DESCRIPTION OF THE TASK | Retype only the lines from the top of the records to the line with "27: length 361.8", including that line but none of the pictures.

INFORMATION PROVIDED |

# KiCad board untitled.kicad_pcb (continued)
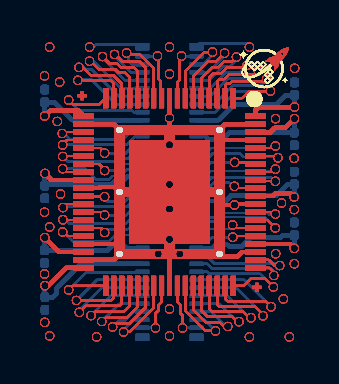
[diagram p0: board, top side]
## Routing (per net, layer and track width the routed paths; a pad name or vN(x,y) marks a point on that pad's centre or on a via; arc(x,y) is an arc through that point) (continued)
/PIN 27: length 361.8
  Top w0.2: 0.18,0.89 1.07,1.78 ; 0.18,0.89 v1(0.02,0.89) ; 0.18,0.89 1.07,1.78 ; 0.18,0.89 v1(0.02,0.89) ; 0.18,0.89 1.07,1.78 ; 0.18,0.89 v1(0.02,0.89) ; 0.18,0.89 1.07,1.78 ; 0.18,0.89 1.07,1.78 ; 0.18,0.89 v1(0.02,0.89) ; 0.18,0.89 1.07,1.78 ; 0.18,0.89 1.07,1.78 ; 0.18,0.89 v1(0.02,0.89) ; 0.18,0.89 1.07,1.78 ; 0.18,0.89 v1(0.02,0.89) ; 0.18,0.89 v1(0.02,0.89) ; 0.18,0.89 1.07,1.78 ; 0.18,0.89 1.07,1.78 ; 0.18,0.89 1.07,1.78 ; 0.18,0.89 v1(0.02,0.89) ; 0.18,0.89 1.07,1.78 ; 0.18,0.89 1.07,1.78 ; 0.18,0.89 v1(0.02,0.89) ; 0.18,0.89 v1(0.02,0.89) ; 0.18,0.89 v1(0.02,0.89) ; 0.18,0.89 v1(0.02,0.89) ; 0.18,0.89 v1(0.02,0.89) ; 0.18,0.89 1.07,1.78 ; 0.18,0.89 v1(0.02,0.89) ; 0.18,0.89 v1(0.02,0.89) ; 0.18,0.89 1.07,1.78 ; 0.18,0.89 1.07,1.78 ; 0.18,0.89 1.07,1.78 ; 0.18,0.89 1.07,1.78 ; 0.18,0.89 v1(0.02,0.89) ; 0.18,0.89 1.07,1.78 ; 0.18,0.89 1.07,1.78 ; 0.18,0.89 v1(0.02,0.89) ; 0.18,0.89 v1(0.02,0.89) ; 0.18,0.89 1.07,1.78 ; 0.18,0.89 v1(0.02,0.89) ; 0.18,0.89 v1(0.02,0.89) ; 0.18,0.89 v1(0.02,0.89) ; 0.18,0.89 1.07,1.78 ; 0.18,0.89 v1(0.02,0.89) ; 0.18,0.89 v1(0.02,0.89) ; 0.18,0.89 v1(0.02,0.89) ; 0.18,0.89 1.07,1.78 ; 0.18,0.89 v1(0.02,0.89) ; 0.18,0.89 v1(0.02,0.89) ; 0.18,0.89 v1(0.02,0.89) ; 0.18,0.89 v1(0.02,0.89) ; 0.18,0.89 v1(0.02,0.89) ; 0.18,0.89 1.07,1.78 ; 0.18,0.89 v1(0.02,0.89) ; 0.18,0.89 v1(0.02,0.89) ; 0.18,0.89 v1(0.02,0.89) ; 0.18,0.89 1.07,1.78 ; 0.18,0.89 v1(0.02,0.89) ; 0.18,0.89 1.07,1.78 ; 0.18,0.89 1.07,1.78 ; 0.18,0.89 v1(0.02,0.89) ; 0.18,0.89 1.07,1.78 ; 0.18,0.89 v1(0.02,0.89) ; 0.18,0.89 1.07,1.78 ; 0.18,0.89 1.07,1.78 ; 0.18,0.89 v1(0.02,0.89) ; 0.18,0.89 v1(0.02,0.89) ; 0.18,0.89 1.07,1.78 ; 0.18,0.89 1.07,1.78 ; 0.18,0.89 v1(0.02,0.89) ; 0.18,0.89 1.07,1.78 ; 0.18,0.89 1.07,1.78 ; 0.18,0.89 1.07,1.78 ; 0.18,0.89 1.07,1.78 ; 0.18,0.89 1.07,1.78 ; 0.18,0.89 1.07,1.78 ; 0.18,0.89 1.07,1.78 ; 0.18,0.89 1.07,1.78 ; 0.18,0.89 v1(0.02,0.89) ; 0.18,0.89 1.07,1.78 ; 0.18,0.89 v1(0.02,0.89) ; 0.18,0.89 1.07,1.78 ; 0.18,0.89 v1(0.02,0.89) ; 0.18,0.89 v1(0.02,0.89) ; 1.07,1.78 J158.37 ; 1.07,1.78 J158.37 ; 1.07,1.78 J158.37 ; 1.07,1.78 J158.37 ; 1.07,1.78 J158.37 ; 1.07,1.78 J158.37 ; 1.07,1.78 J158.37 ; 1.07,1.78 J158.37 ; 1.07,1.78 J158.37 ; 1.07,1.78 J158.37 ; 1.07,1.78 J158.37 ; 1.07,1.78 J158.37 ; 1.07,1.78 J158.37 ; 1.07,1.78 J158.37 ; 1.07,1.78 J158.37 ; 1.07,1.78 J158.37 ; 1.07,1.78 J158.37 ; 1.07,1.78 J158.37 ; 1.07,1.78 J158.37 ; 1.07,1.78 J158.37 ; 1.07,1.78 J158.37 ; 1.07,1.78 J158.37 ; 1.07,1.78 J158.37 ; 1.07,1.78 J158.37 ; 1.07,1.78 J158.37 ; 1.07,1.78 J158.37 ; 1.07,1.78 J158.37 ; 1.07,1.78 J158.37 ; 1.07,1.78 J158.37 ; 1.07,1.78 J158.37 ; 1.07,1.78 J158.37 ; 1.07,1.78 J158.37 ; 1.07,1.78 J158.37 ; 1.07,1.78 J158.37 ; 1.07,1.78 J158.37 ; 1.07,1.78 J158.37 ; 1.07,1.78 J158.37 ; 1.07,1.78 J158.37 ; 1.07,1.78 J158.37 ; 1.07,1.78 J158.37 ; 1.07,1.78 J158.37 ; 1.07,1.78 J158.37
  Bottom w0.2: 1.81,1.98 J173.44 ; 1.81,1.98 0.62,0.79 ; 1.81,1.98 0.62,0.79 ; 1.81,1.98 J173.44 ; 1.81,1.98 J173.44 ; 1.81,1.98 0.62,0.79 ; 1.81,1.98 J173.44 ; 1.81,1.98 0.62,0.79 ; 1.81,1.98 J173.44 ; 1.81,1.98 0.62,0.79 ; 1.81,1.98 0.62,0.79 ; 1.81,1.98 0.62,0.79 ; 1.81,1.98 J173.44 ; 1.81,1.98 J173.44 ; 1.81,1.98 0.62,0.79 ; 1.81,1.98 0.62,0.79 ; 1.81,1.98 0.62,0.79 ; 1.81,1.98 0.62,0.79 ; 1.81,1.98 0.62,0.79 ; 1.81,1.98 J173.44 ; 1.81,1.98 0.62,0.79 ; 1.81,1.98 J173.44 ; 1.81,1.98 0.62,0.79 ; 1.81,1.98 0.62,0.79 ; 1.81,1.98 J173.44 ; 1.81,1.98 0.62,0.79 ; 1.81,1.98 J173.44 ; 1.81,1.98 J173.44 ; 1.81,1.98 0.62,0.79 ; 1.81,1.98 J173.44 ; 1.81,1.98 J173.44 ; 1.81,1.98 0.62,0.79 ; 1.81,1.98 0.62,0.79 ; 1.81,1.98 0.62,0.79 ; 1.81,1.98 0.62,0.79 ; 1.81,1.98 J173.44 ; 1.81,1.98 J173.44 ; 1.81,1.98 J173.44 ; 1.81,1.98 J173.44 ; 1.81,1.98 0.62,0.79 ; 1.81,1.98 0.62,0.79 ; 1.81,1.98 0.62,0.79 ; 1.81,1.98 0.62,0.79 ; 1.81,1.98 J173.44 ; 1.81,1.98 0.62,0.79 ; 1.81,1.98 J173.44 ; 1.81,1.98 J173.44 ; 1.81,1.98 J173.44 ; 1.81,1.98 J173.44 ; 1.81,1.98 J173.44 ; 1.81,1.98 0.62,0.79 ; 1.81,1.98 J173.44 ; 1.81,1.98 J173.44 ; 1.81,1.98 J173.44 ; 1.81,1.98 J173.44 ; 1.81,1.98 J173.44 ; 1.81,1.98 J173.44 ; 1.81,1.98 0.62,0.79 ; 1.81,1.98 0.62,0.79 ; 1.81,1.98 J173.44 ; 1.81,1.98 J173.44 ; 1.81,1.98 0.62,0.79 ; 1.81,1.98 J173.44 ; 1.81,1.98 0.62,0.79 ; 1.81,1.98 0.62,0.79 ; 1.81,1.98 J173.44 ; 1.81,1.98 0.62,0.79 ; 1.81,1.98 J173.44 ; 1.81,1.98 0.62,0.79 ; 1.81,1.98 0.62,0.79 ; 1.81,1.98 0.62,0.79 ; 1.81,1.98 J173.44 ; 1.81,1.98 J173.44 ; 1.81,1.98 J173.44 ; 1.81,1.98 0.62,0.79 ; 1.81,1.98 0.62,0.79 ; 1.81,1.98 J173.44 ; 1.81,1.98 J173.44 ; 1.81,1.98 J173.44 ; 1.81,1.98 0.62,0.79 ; 1.81,1.98 0.62,0.79 ; 1.81,1.98 0.62,0.79 ; 1.81,1.98 J173.44 ; 1.81,1.98 0.62,0.79 ; 0.62,0.79 0.62,0.51 ; 0.62,0.79 0.62,0.51 ; 0.62,0.79 0.62,0.51 ; 0.62,0.79 0.62,0.51 ; 0.62,0.79 0.62,0.51 ; 0.62,0.79 0.62,0.51 ; 0.62,0.79 0.62,0.51 ; 0.62,0.79 0.62,0.51 ; 0.62,0.79 0.62,0.51 ; 0.62,0.79 0.62,0.51 ; 0.62,0.79 0.62,0.51 ; 0.62,0.79 0.62,0.51 ; 0.62,0.79 0.62,0.51 ; 0.62,0.79 0.62,0.51 ; 0.62,0.79 0.62,0.51 ; 0.62,0.79 0.62,0.51 ; 0.62,0.79 0.62,0.51 ; 0.62,0.79 0.62,0.51 ; 0.62,0.79 0.62,0.51 ; 0.62,0.79 0.62,0.51 ; 0.62,0.79 0.62,0.51 ; 0.62,0.79 0.62,0.51 ; 0.62,0.79 0.62,0.51 ; 0.62,0.79 0.62,0.51 ; 0.62,0.79 0.62,0.51 ; 0.62,0.79 0.62,0.51 ; 0.62,0.79 0.62,0.51 ; 0.62,0.79 0.62,0.51 ; 0.62,0.79 0.62,0.51 ; 0.62,0.79 0.62,0.51 ; 0.62,0.79 0.62,0.51 ; 0.62,0.79 0.62,0.51 ; 0.62,0.79 0.62,0.51 ; 0.62,0.79 0.62,0.51 ; 0.62,0.79 0.62,0.51 ; 0.62,0.79 0.62,0.51 ; 0.62,0.79 0.62,0.51 ; 0.62,0.79 0.62,0.51 ; 0.62,0.79 0.62,0.51 ; 0.62,0.79 0.62,0.51 ; 0.62,0.79 0.62,0.51 ; 0.62,0.79 0.62,0.51 ; 0.43,0.32 0.62,0.51 ; 0.43,0.32 0.62,0.51 ; 0.43,0.32 C269.1 ; 0.43,0.32 0.62,0.51 ; 0.43,0.32 0.62,0.51 ; 0.43,0.32 0.62,0.51 ; 0.43,0.32 C269.1 ; 0.43,0.32 C269.1 ; 0.43,0.32 0.62,0.51 ; 0.43,0.32 0.62,0.51 ; 0.43,0.32 0.62,0.51 ; 0.43,0.32 0.62,0.51 ; 0.43,0.32 0.62,0.51 ; 0.43,0.32 0.62,0.51 ; 0.43,0.32 C269.1 ; 0.43,0.32 C269.1 ; 0.43,0.32 C269.1 ; 0.43,0.32 C269.1 ; 0.43,0.32 C269.1 ; 0.43,0.32 0.62,0.51 ; 0.43,0.32 0.62,0.51 ; 0.43,0.32 0.62,0.51 ; 0.43,0.32 0.62,0.51 ; 0.43,0.32 C269.1 ; 0.43,0.32 0.62,0.51 ; 0.43,0.32 0.62,0.51 ; 0.43,0.32 C269.1 ; 0.43,0.32 C269.1 ; 0.43,0.32 0.62,0.51 ; 0.43,0.32 0.62,0.51 ; 0.43,0.32 C269.1 ; 0.43,0.32 C269.1 ; 0.43,0.32 C269.1 ; 0.43,0.32 C269.1 ; 0.43,0.32 C269.1 ; 0.43,0.32 0.62,0.51 ; 0.43,0.32 0.62,0.51 ; 0.43,0.32 C269.1 ; 0.43,0.32 0.62,0.51 ; 0.43,0.32 C269.1 ; 0.43,0.32 0.62,0.51 ; 0.43,0.32 0.62,0.51 ; 0.43,0.32 C269.1 ; 0.43,0.32 C269.1 ; 0.43,0.32 C269.1 ; 0.43,0.32 C269.1 ; 0.43,0.32 0.62,0.51 ; 0.43,0.32 0.62,0.51 ; 0.43,0.32 0.62,0.51 ; 0.43,0.32 C269.1 ; 0.43,0.32 0.62,0.51 ; 0.43,0.32 0.62,0.51 ; 0.43,0.32 0.62,0.51 ; 0.43,0.32 C269.1 ; 0.43,0.32 C269.1 ; 0.43,0.32 C269.1 ; 0.43,0.32 0.62,0.51 ; 0.43,0.32 C269.1 ; 0.43,0.32 C269.1 ; 0.43,0.32 C269.1 ; 0.43,0.32 0.62,0.51 ; 0.43,0.32 C269.1 ; 0.43,0.32 C269.1 ; 0.43,0.32 C269.1 ; 0.43,0.32 0.62,0.51 ; 0.43,0.32 0.62,0.51 ; 0.43,0.32 C269.1 ; 0.43,0.32 C269.1 ; 0.43,0.32 C269.1 ; 0.43,0.32 0.62,0.51 ; 0.43,0.32 0.62,0.51 ; 0.43,0.32 0.62,0.51 ; 0.43,0.32 0.62,0.51 ; 0.43,0.32 0.62,0.51 ; 0.43,0.32 0.62,0.51 ; 0.43,0.32 C269.1 ; 0.43,0.32 C269.1 ; 0.43,0.32 C269.1 ; 0.43,0.32 C269.1 ; 0.43,0.32 C269.1 ; 0.43,0.32 C269.1 ; 0.43,0.32 C269.1 ; 0.43,0.32 0.62,0.51 ; 0.43,0.32 0.62,0.51 ; C269.1 v1(0.02,0.89) ; C269.1 v1(0.02,0.89) ; C269.1 v1(0.02,0.89) ; C269.1 v1(0.02,0.89) ; C269.1 v1(0.02,0.89) ; C269.1 v1(0.02,0.89) ; C269.1 v1(0.02,0.89) ; C269.1 v1(0.02,0.89) ; C269.1 v1(0.02,0.89) ; C269.1 v1(0.02,0.89) ; C269.1 v1(0.02,0.89) ; C269.1 v1(0.02,0.89) ; C269.1 v1(0.02,0.89) ; C269.1 v1(0.02,0.89) ; C269.1 v1(0.02,0.89) ; C269.1 v1(0.02,0.89) ; C269.1 v1(0.02,0.89) ; C269.1 v1(0.02,0.89) ; C269.1 v1(0.02,0.89) ; C269.1 v1(0.02,0.89) ; C269.1 v1(0.02,0.89) ; C269.1 v1(0.02,0.89) ; C269.1 v1(0.02,0.89) ; C269.1 v1(0.02,0.89) ; C269.1 v1(0.02,0.89) ; C269.1 v1(0.02,0.89) ; C269.1 v1(0.02,0.89) ; C269.1 v1(0.02,0.89) ; C269.1 v1(0.02,0.89) ; C269.1 v1(0.02,0.89) ; C269.1 v1(0.02,0.89) ; C269.1 v1(0.02,0.89) ; C269.1 v1(0.02,0.89) ; C269.1 v1(0.02,0.89) ; C269.1 v1(0.02,0.89) ; C269.1 v1(0.02,0.89) ; C269.1 v1(0.02,0.89) ; C269.1 v1(0.02,0.89) ; C269.1 v1(0.02,0.89) ; C269.1 v1(0.02,0.89) ; C269.1 v1(0.02,0.89) ; C269.1 v1(0.02,0.89)
/PIN 28: length 252
  Top w0.1: J158.38 1.41,0.88 ; J158.38 1.41,0.88 ; J158.38 1.41,0.88 ; J158.38 1.41,0.88 ; J158.38 1.41,0.88 ; J158.38 1.41,0.88 ; J158.38 1.41,0.88 ; J158.38 1.41,0.88 ; J158.38 1.41,0.88 ; J158.38 1.41,0.88 ; J158.38 1.41,0.88 ; J158.38 1.41,0.88 ; J158.38 1.41,0.88 ; J158.38 1.41,0.88 ; J158.38 1.41,0.88 ; J158.38 1.41,0.88 ; J158.38 1.41,0.88 ; J158.38 1.41,0.88 ; J158.38 1.41,0.88 ; J158.38 1.41,0.88 ; J158.38 1.41,0.88 ; J158.38 1.41,0.88 ; J158.38 1.41,0.88 ; J158.38 1.41,0.88 ; J158.38 1.41,0.88 ; J158.38 1.41,0.88 ; J158.38 1.41,0.88 ; J158.38 1.41,0.88 ; J158.38 1.41,0.88 ; J158.38 1.41,0.88 ; J158.38 1.41,0.88 ; J158.38 1.41,0.88 ; J158.38 1.41,0.88 ; J158.38 1.41,0.88 ; J158.38 1.41,0.88 ; J158.38 1.41,0.88 ; J158.38 1.41,0.88 ; J158.38 1.41,0.88 ; J158.38 1.41,0.88 ; J158.38 1.41,0.88 ; J158.38 1.41,0.88 ; J158.38 1.41,0.88 ; 1.41,0.88 v1(1.21,0.68) ; 1.41,0.88 v1(1.21,0.68) ; 1.41,0.88 v1(1.21,0.68) ; 1.41,0.88 v1(1.21,0.68) ; 1.41,0.88 v1(1.21,0.68) ; 1.41,0.88 v1(1.21,0.68) ; 1.41,0.88 v1(1.21,0.68) ; 1.41,0.88 v1(1.21,0.68) ; 1.41,0.88 v1(1.21,0.68) ; 1.41,0.88 v1(1.21,0.68) ; 1.41,0.88 v1(1.21,0.68) ; 1.41,0.88 v1(1.21,0.68) ; 1.41,0.88 v1(1.21,0.68) ; 1.41,0.88 v1(1.21,0.68) ; 1.41,0.88 v1(1.21,0.68) ; 1.41,0.88 v1(1.21,0.68) ; 1.41,0.88 v1(1.21,0.68) ; 1.41,0.88 v1(1.21,0.68) ; 1.41,0.88 v1(1.21,0.68) ; 1.41,0.88 v1(1.21,0.68) ; 1.41,0.88 v1(1.21,0.68) ; 1.41,0.88 v1(1.21,0.68) ; 1.41,0.88 v1(1.21,0.68) ; 1.41,0.88 v1(1.21,0.68) ; 1.41,0.88 v1(1.21,0.68) ; 1.41,0.88 v1(1.21,0.68) ; 1.41,0.88 v1(1.21,0.68) ; 1.41,0.88 v1(1.21,0.68) ; 1.41,0.88 v1(1.21,0.68) ; 1.41,0.88 v1(1.21,0.68) ; 1.41,0.88 v1(1.21,0.68) ; 1.41,0.88 v1(1.21,0.68) ; 1.41,0.88 v1(1.21,0.68) ; 1.41,0.88 v1(1.21,0.68) ; 1.41,0.88 v1(1.21,0.68) ; 1.41,0.88 v1(1.21,0.68) ; 1.41,0.88 v1(1.21,0.68) ; 1.41,0.88 v1(1.21,0.68) ; 1.41,0.88 v1(1.21,0.68) ; 1.41,0.88 v1(1.21,0.68) ; 1.41,0.88 v1(1.21,0.68) ; 1.41,0.88 v1(1.21,0.68)
  Bottom w0.1: v1(1.21,0.68) 2.1,1.57 ; v1(1.21,0.68) 2.1,1.57 ; v1(1.21,0.68) 2.1,1.57 ; v1(1.21,0.68) 2.1,1.57 ; v1(1.21,0.68) 2.1,1.57 ; v1(1.21,0.68) 2.1,1.57 ; v1(1.21,0.68) 2.1,1.57 ; v1(1.21,0.68) 2.1,1.57 ; v1(1.21,0.68) 2.1,1.57 ; v1(1.21,0.68) 2.1,1.57 ; v1(1.21,0.68) 2.1,1.57 ; v1(1.21,0.68) 2.1,1.57 ; v1(1.21,0.68) 2.1,1.57 ; v1(1.21,0.68) 2.1,1.57 ; v1(1.21,0.68) 2.1,1.57 ; v1(1.21,0.68) 2.1,1.57 ; v1(1.21,0.68) 2.1,1.57 ; v1(1.21,0.68) 2.1,1.57 ; v1(1.21,0.68) 2.1,1.57 ; v1(1.21,0.68) 2.1,1.57 ; v1(1.21,0.68) 2.1,1.57 ; v1(1.21,0.68) 2.1,1.57 ; v1(1.21,0.68) 2.1,1.57 ; v1(1.21,0.68) 2.1,1.57 ; v1(1.21,0.68) 2.1,1.57 ; v1(1.21,0.68) 2.1,1.57 ; v1(1.21,0.68) 2.1,1.57 ; v1(1.21,0.68) 2.1,1.57 ; v1(1.21,0.68) 2.1,1.57 ; v1(1.21,0.68) 2.1,1.57 ; v1(1.21,0.68) 2.1,1.57 ; v1(1.21,0.68) 2.1,1.57 ; v1(1.21,0.68) 2.1,1.57 ; v1(1.21,0.68) 2.1,1.57 ; v1(1.21,0.68) 2.1,1.57 ; v1(1.21,0.68) 2.1,1.57 ; v1(1.21,0.68) 2.1,1.57 ; v1(1.21,0.68) 2.1,1.57 ; v1(1.21,0.68) 2.1,1.57 ; v1(1.21,0.68) 2.1,1.57 ; v1(1.21,0.68) 2.1,1.57 ; v1(1.21,0.68) 2.1,1.57 ; 2.1,1.57 4.89,1.57 ; 2.1,1.57 4.89,1.57 ; 2.1,1.57 4.89,1.57 ; 2.1,1.57 4.89,1.57 ; 2.1,1.57 4.89,1.57 ; 2.1,1.57 4.89,1.57 ; 2.1,1.57 4.89,1.57 ; 2.1,1.57 4.89,1.57 ; 2.1,1.57 4.89,1.57 ; 2.1,1.57 4.89,1.57 ; 2.1,1.57 4.89,1.57 ; 2.1,1.57 4.89,1.57 ; 2.1,1.57 4.89,1.57 ; 2.1,1.57 4.89,1.57 ; 2.1,1.57 4.89,1.57 ; 2.1,1.57 4.89,1.57 ; 2.1,1.57 4.89,1.57 ; 2.1,1.57 4.89,1.57 ; 2.1,1.57 4.89,1.57 ; 2.1,1.57 4.89,1.57 ; 2.1,1.57 4.89,1.57 ; 2.1,1.57 4.89,1.57 ; 2.1,1.57 4.89,1.57 ; 2.1,1.57 4.89,1.57 ; 2.1,1.57 4.89,1.57 ; 2.1,1.57 4.89,1.57 ; 2.1,1.57 4.89,1.57 ; 2.1,1.57 4.89,1.57 ; 2.1,1.57 4.89,1.57 ; 2.1,1.57 4.89,1.57 ; 2.1,1.57 4.89,1.57 ; 2.1,1.57 4.89,1.57 ; 2.1,1.57 4.89,1.57 ; 2.1,1.57 4.89,1.57 ; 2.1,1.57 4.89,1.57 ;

COMPLETED TASK |
# KiCad board untitled.kicad_pcb (continued)
[diagram p0: board, top side]
## Routing (per net, layer and track width the routed paths; a pad name or vN(x,y) marks a point on that pad's centre or on a via; arc(x,y) is an arc through that point) (continued)
/PIN 27: length 361.8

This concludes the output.